Available all year round but at its sweetest in the colder months, choose bunches with firm stalks and a bright red colour.
To eat rhubarb it must be cooked. Prepare by cutting off and getting rid of the leaves (they are toxic) and the bottom of the stalks. Now you can cook it in the following ways:
1. For breakfast (or dessert!)
Dollop puréed rhubarb onto yoghurt and muesli for an excellent start to any day. To make the purée, cut a bunch of rhubarb stalks into 4cm lengths and place in an ovenproof dish with half a cup of brown sugar and a split vanilla bean. Cover with foil and bake in a 190⁰C oven for about 15 minutes or until soft. Remove the vanilla bean and blend in a food processor. Rhubarb purée also makes a fast dessert. Simply swirl through softened ice cream, drizzle over whipped and sweetened ricotta or channel your nanna and dish it up with a rich egg custard.
2. In a crumble
Whether it’s on its own or combined with other fruits, rhubarb and crumble go together like Matt and cravats. Double down on the hero ingredient by trying Rhubarb Crumble with Rhubarb Sorbet or serve the more classic Apple Rhubarb Crumble with Vanilla Bean Custard.
3. Like a chef
Feeling adventurous?
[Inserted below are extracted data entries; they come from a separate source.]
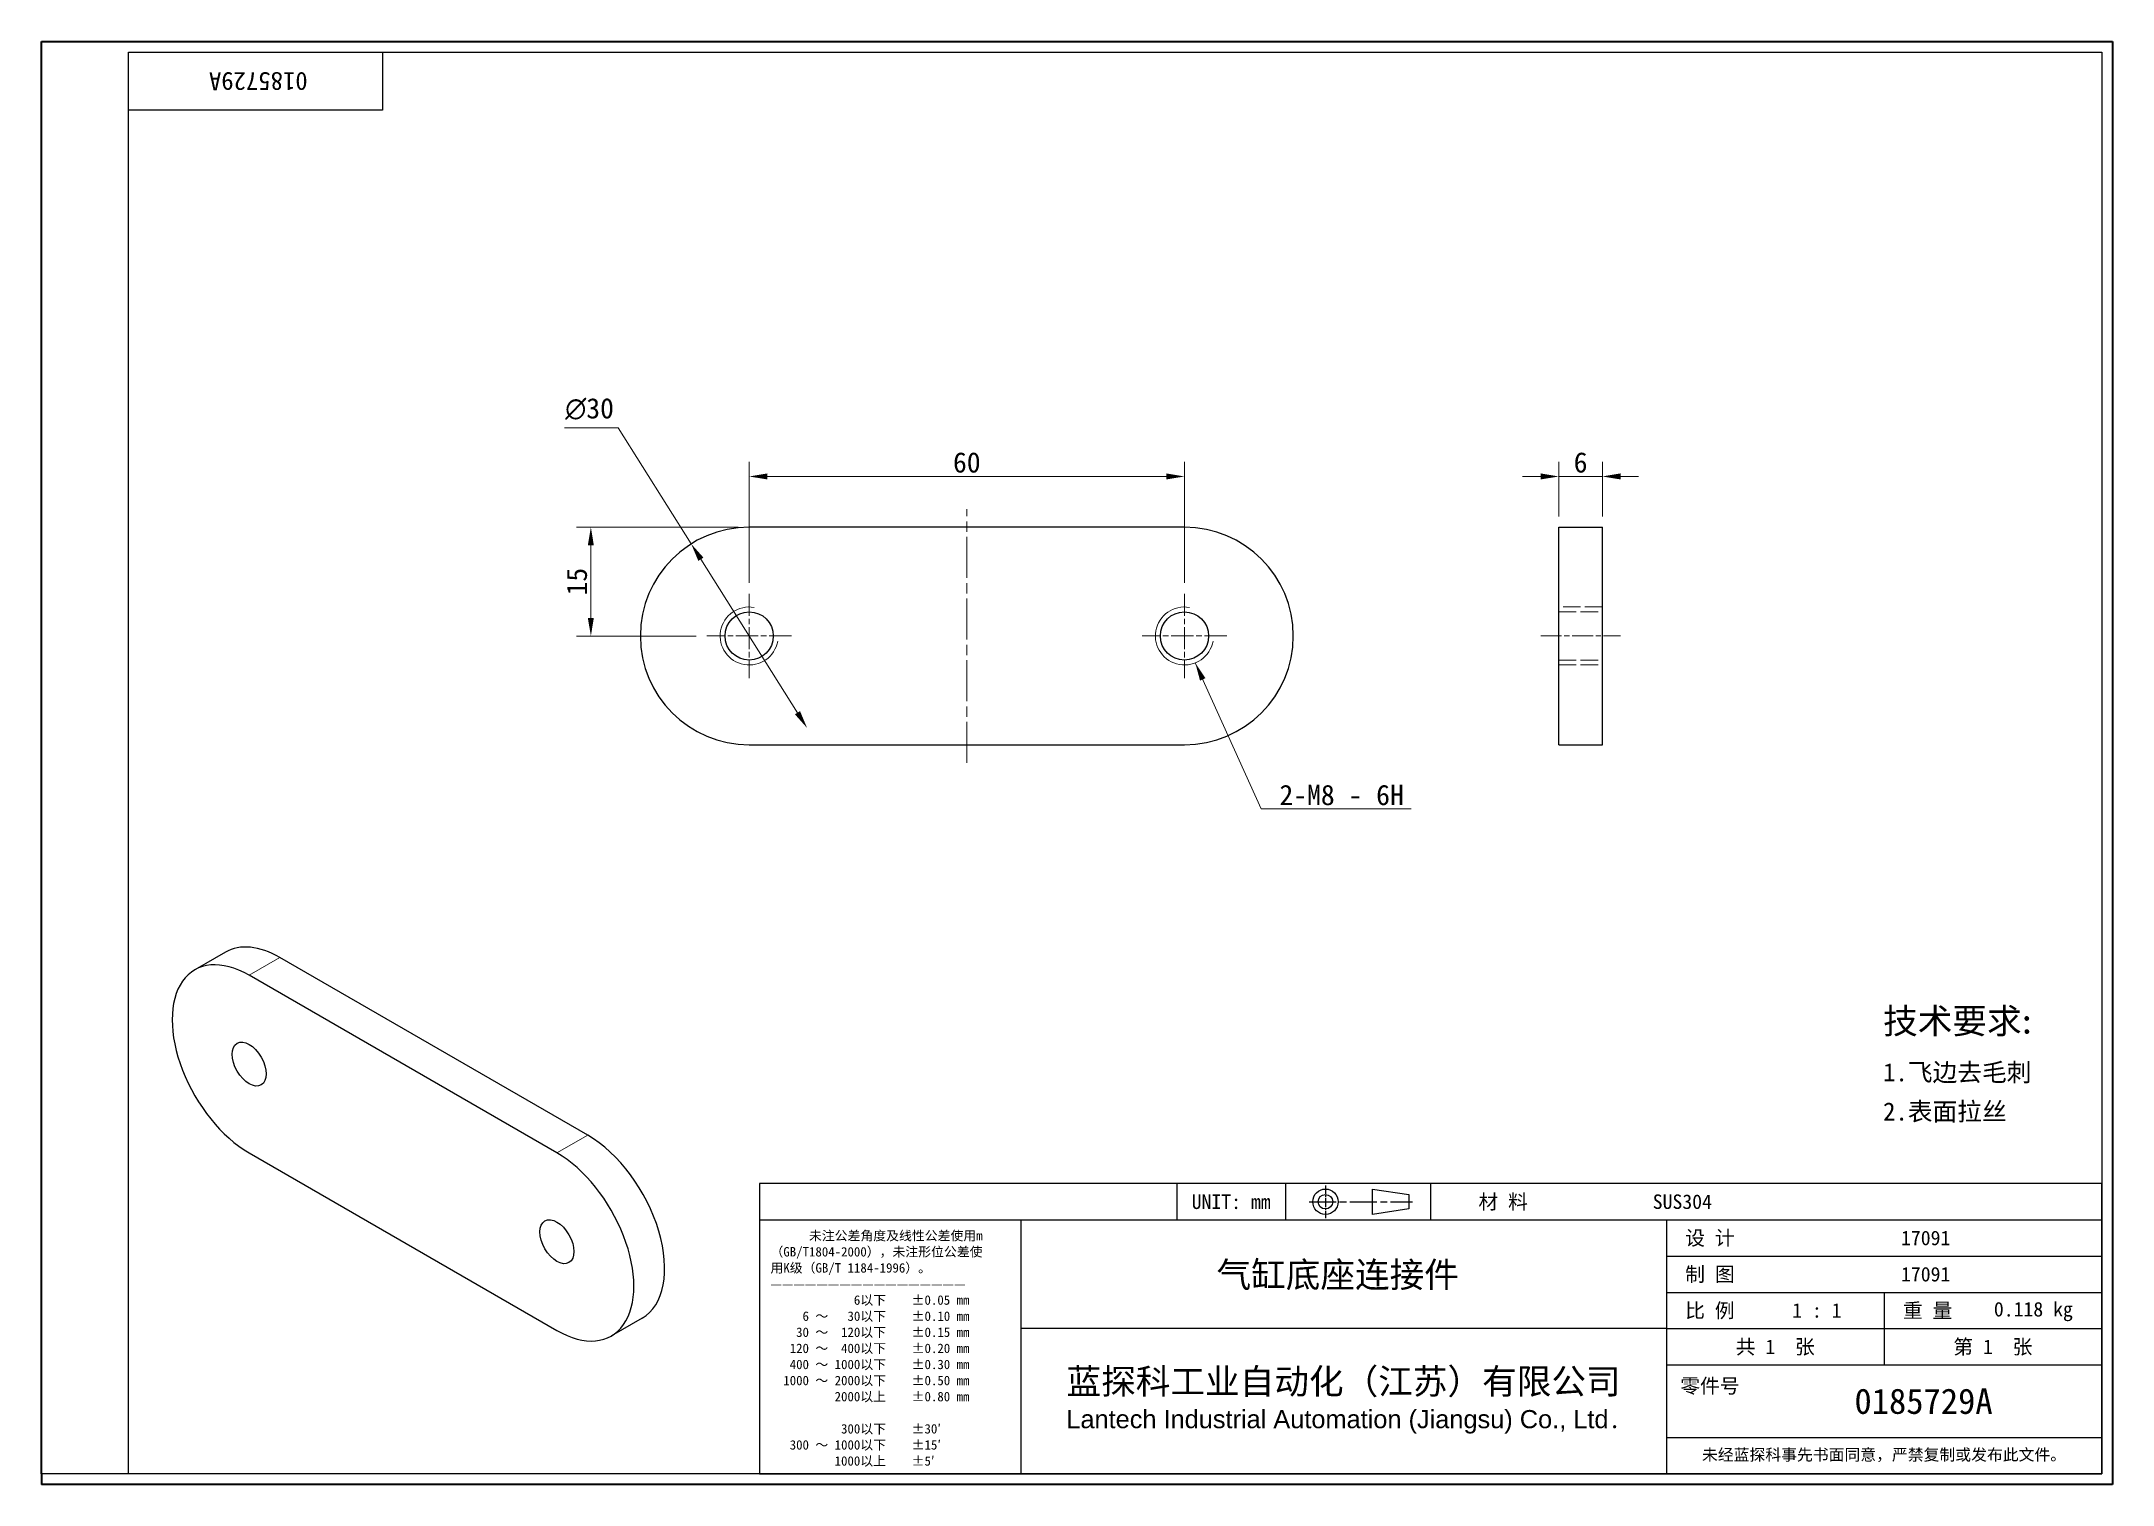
# Model space of a CAD drawing. Header units: millimetres. Extents: x 6 to 292, y 5 to 205.
import ezdxf
from ezdxf.enums import TextEntityAlignment as Align

# ---------------------------------------------------------------- set-up
doc = ezdxf.new("R2010")
doc.units = ezdxf.units.MM
doc.linetypes.add('CHAIN', pattern=[0.3543, 0.2362, -0.0295, 0.0591, -0.0295])
doc.linetypes.add('DASHED', pattern=[0.2067, 0.1654, -0.0413])
for name, color, linetype, lineweight in [('1', 7, 'Continuous', 18), ('可见 (ISO)', 7, 'Continuous', 25), ('可见窄的 (ISO)', 7, 'Continuous', 18), ('图框 (ISO)', 7, 'Continuous', 35), ('标题 (ISO)', 7, 'Continuous', 25)]:
    doc.layers.add(name, color=color, linetype=linetype, lineweight=lineweight)
for name, color, linetype, lineweight, true_color in [('中心标记 (ISO)', 1, 'CHAIN', 18, 0xff0000), ('中心线 (ISO)', 1, 'CHAIN', 18, 0xff0000), ('尺寸 (ISO)', 7, 'Continuous', 18, 0x008000), ('符号 (ISO)', 7, 'Continuous', 18, 0x008000), ('隐藏 (ISO)', 5, 'DASHED', 18, 0x0000ff)]:
    doc.layers.add(name, color=color, linetype=linetype, lineweight=lineweight, true_color=true_color)
doc.styles.add('文本样式164', font='SimSun.ttf')
doc.styles.add('文本样式165', font='SimSun.ttf')
doc.styles.add('文本样式74', font='SimSun.ttf')
doc.styles.add('最新国标', font='simfang.ttf')
doc.styles.add('注释文本 (ISO)', font='simfang.ttf')
doc.dimstyles.new('默认 (GB)', dxfattribs={"dimtxt": 2.8, "dimasz": 2.5, "dimexe": 2, "dimexo": 1.5, "dimgap": 0.5, "dimtad": 1, "dimtoh": 1, "dimdsep": 46, "dimtxsty": '最新国标', "dimcen": 0.09, "dimdle": 10, "dimclrd": 256, "dimclre": 256, "dimclrt": 256, "dimaunit": 1, "dimadec": 3, "dimazin": 2, "dimtfac": 0.535714, "dimtdec": 3, "dimtmove": 0, "dimatfit": 3, "dimfxl": 0, "dimtolj": 1, "dimlwd": -1, "dimlwe": -1, "dimarcsym": 0})
doc.dimstyles.new('默认 (GB)$7', dxfattribs={"dimtxt": 2.8, "dimasz": 2.5, "dimexe": 2, "dimexo": 1.5, "dimgap": 0.5, "dimtad": 1, "dimtoh": 1, "dimdsep": 46, "dimtxsty": '最新国标', "dimcen": 0.09, "dimdle": 10, "dimclrd": 256, "dimclre": 256, "dimclrt": 256, "dimaunit": 1, "dimadec": 3, "dimazin": 2, "dimtfac": 0.535714, "dimtdec": 3, "dimtmove": 0, "dimatfit": 3, "dimfxl": 0, "dimtolj": 1, "dimlwd": -1, "dimlwe": -1, "dimarcsym": 0})

# ---------------------------------------------------------------- blocks, each defined once
blk = doc.blocks.new('图框 最新国标')
at = {"layer": '图框 (ISO)'}
for p, q in [((6, 7), (6, 204.5)), ((6, 204.5), (291.5, 204.5)), ((291.5, 204.5), (291.5, 5.5)), ((6, 7), (6, 5.5)), ((6, 7), (6, 5.5)), ((291.5, 5.5), (6, 5.5))]:
    blk.add_line(p, q, dxfattribs=at)
at = {"layer": '图框 (ISO)', "color": 7, "linetype": 'Continuous', "lineweight": 25}
for p, q in [((18, 203), (290, 203)), ((18, 7), (18, 203)), ((18, 203), (290, 203)), ((53, 203), (53, 195)), ((290, 203), (290, 7)), ((290, 203), (290, 7)), ((53, 195), (18, 195)), ((290, 7), (6, 7)), ((290, 7), (18, 7))]:
    blk.add_line(p, q, dxfattribs=at)
at = {"layer": '图框 (ISO)', "style": '文本样式74'}
blk.add_attdef('零件代号_001', (42.7, 200.25), '', height=2.5, rotation=180, dxfattribs=at)
blk = doc.blocks.new('标题栏 最新国标')
at = {"layer": '标题 (ISO)'}
for p, q in [((381.98, -183.84), (196.98, -183.84)), ((196.98, -183.84), (196.98, -223.84)), ((254.48, -183.84), (254.48, -188.84)), ((269.48, -183.84), (269.48, -188.84)), ((281.48, -188.09), (281.48, -184.59)), ((281.48, -184.59), (286.48, -185.34)), ((286.48, -185.34), (286.48, -187.34)), ((289.48, -183.84), (289.48, -188.84)), ((381.98, -223.84), (381.98, -183.84)), ((383.48, -183.84), (383.48, -225.34)), ((286.48, -187.34), (281.48, -188.09)), ((196.98, -188.84), (381.98, -188.84)), ((232.98, -188.84), (232.98, -223.84)), ((321.98, -188.84), (321.98, -223.84)), ((321.98, -193.84), (381.98, -193.84)), ((321.98, -198.84), (381.98, -198.84)), ((351.98, -198.84), (351.98, -208.84)), ((321.98, -203.84), (232.98, -203.84)), ((321.98, -203.84), (381.98, -203.84)), ((321.98, -208.84), (381.98, -208.84)), ((321.98, -218.84), (381.98, -218.84)), ((196.98, -223.84), (381.98, -223.84)), ((383.48, -225.34), (196.98, -225.34))]:
    blk.add_line(p, q, dxfattribs=at)
at = {"layer": '标题 (ISO)', "linetype": 'CHAIN', "ltscale": 5.000333}
blk.add_line((274.98, -184.09), (274.98, -188.59), dxfattribs=at)
at = {"layer": '标题 (ISO)', "linetype": 'CHAIN', "ltscale": 15.834605}
blk.add_line((272.73, -186.34), (286.98, -186.34), dxfattribs=at)
at = {"layer": '标题 (ISO)'}
for radius in [1.75, 1]:
    blk.add_circle((274.98, -186.34), radius, dxfattribs=at)
at = {"layer": '1', "style": '文本样式164'}
for s, p in [('UNIT: mm', (261.98, -186.34)), ('材 料', (299.48, -186.34)), ('设 计', (327.98, -191.34)), ('制 图', (327.98, -196.34)), ('比 例', (327.98, -201.34)), ('重 量', (357.98, -201.34)), ('共 1  张', (336.98, -206.34)), ('第 1  张', (366.98, -206.34))]:
    blk.add_text(s, height=2, dxfattribs=at).set_placement(p, align=Align.MIDDLE_CENTER)
at = {"layer": '标题 (ISO)', "style": '注释文本 (ISO)'}
for s, insert, char_height, attachment_point, line_spacing_factor in [('\\fSimSun|b0|i0;{\\H1.3000;      未注公差角度及线性公差使用m\\P}\\fSimSun|b0|i0;{\\H1.3000;（GB/T1804-2000），未注形位公差使\\P}\\fSimSun|b0|i0;{\\H1.3000;用K级（GB/T 1184-1996）。\\P}\\fSimSun|b0|i0;{\\H1.3000;—————————————————\\P}\\fSimSun|b0|i0;{\\H1.3000;             6以下    ±0.05 mm\\P}\\fSimSun|b0|i0;{\\H1.3000;     6 ～   30以下    ±0.10 mm\\P}\\fSimSun|b0|i0;{\\H1.3000;    30 ～  120以下    ±0.15 mm\\P}\\fSimSun|b0|i0;{\\H1.3000;   120 ～  400以下    ±0.20 mm\\P}\\fSimSun|b0|i0;{\\H1.3000;   400 ～ 1000以下    ±0.30 mm\\P}\\fSimSun|b0|i0;{\\H1.3000;  1000 ～ 2000以下    ±0.50 mm\\P}\\fSimSun|b0|i0;{\\H1.3000;          2000以上    ±0.80 mm\\P}\\fSimSun|b0|i0;{\\H1.3000;\\P}\\fSimSun|b0|i0;{\\H1.3000;           300以下    ±30′\\P}\\fSimSun|b0|i0;{\\H1.3000;   300 ～ 1000以下    ±15′\\P}\\fSimSun|b0|i0;{\\H1.3000;          1000以上    ±5′}', (198.48, -206.63), 1.3, 4, 1.023913), ('{\\fMicrosoft YaHei|b0|i0|c134|p34;\\H1.75x;蓝探科工业自动化（江苏）有限公司\\P\\fArial|b0|i0|c0|p34;\\H0.71429x;Lantech Industrial Automation (Jiangsu) Co., Ltd\\fFangSong|b0|i0|c134|p49;.\\H1.15195x; }', (277.48, -213.84), 2, 5, 0.978695)]:
    blk.add_mtext(s, dxfattribs=dict(at, insert=insert, char_height=char_height, attachment_point=attachment_point, line_spacing_factor=line_spacing_factor))
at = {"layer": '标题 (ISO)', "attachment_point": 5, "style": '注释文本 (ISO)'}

Try George’s Scallop and Smoked Salmon Osso Bucco with Rhubarb Tart and Blood Orange Vinaigrette where he dramatically sits a savoury rhubarb tart on top of scallops wrapped in smoked salmon. Gary, on the other hand, makes the most of rhubarb’s pretty colour by using it to make a delicate syrup in Sheeps Milk Yogurt Mousse with Honey Toasted Muesli and Rhubarb Syrup.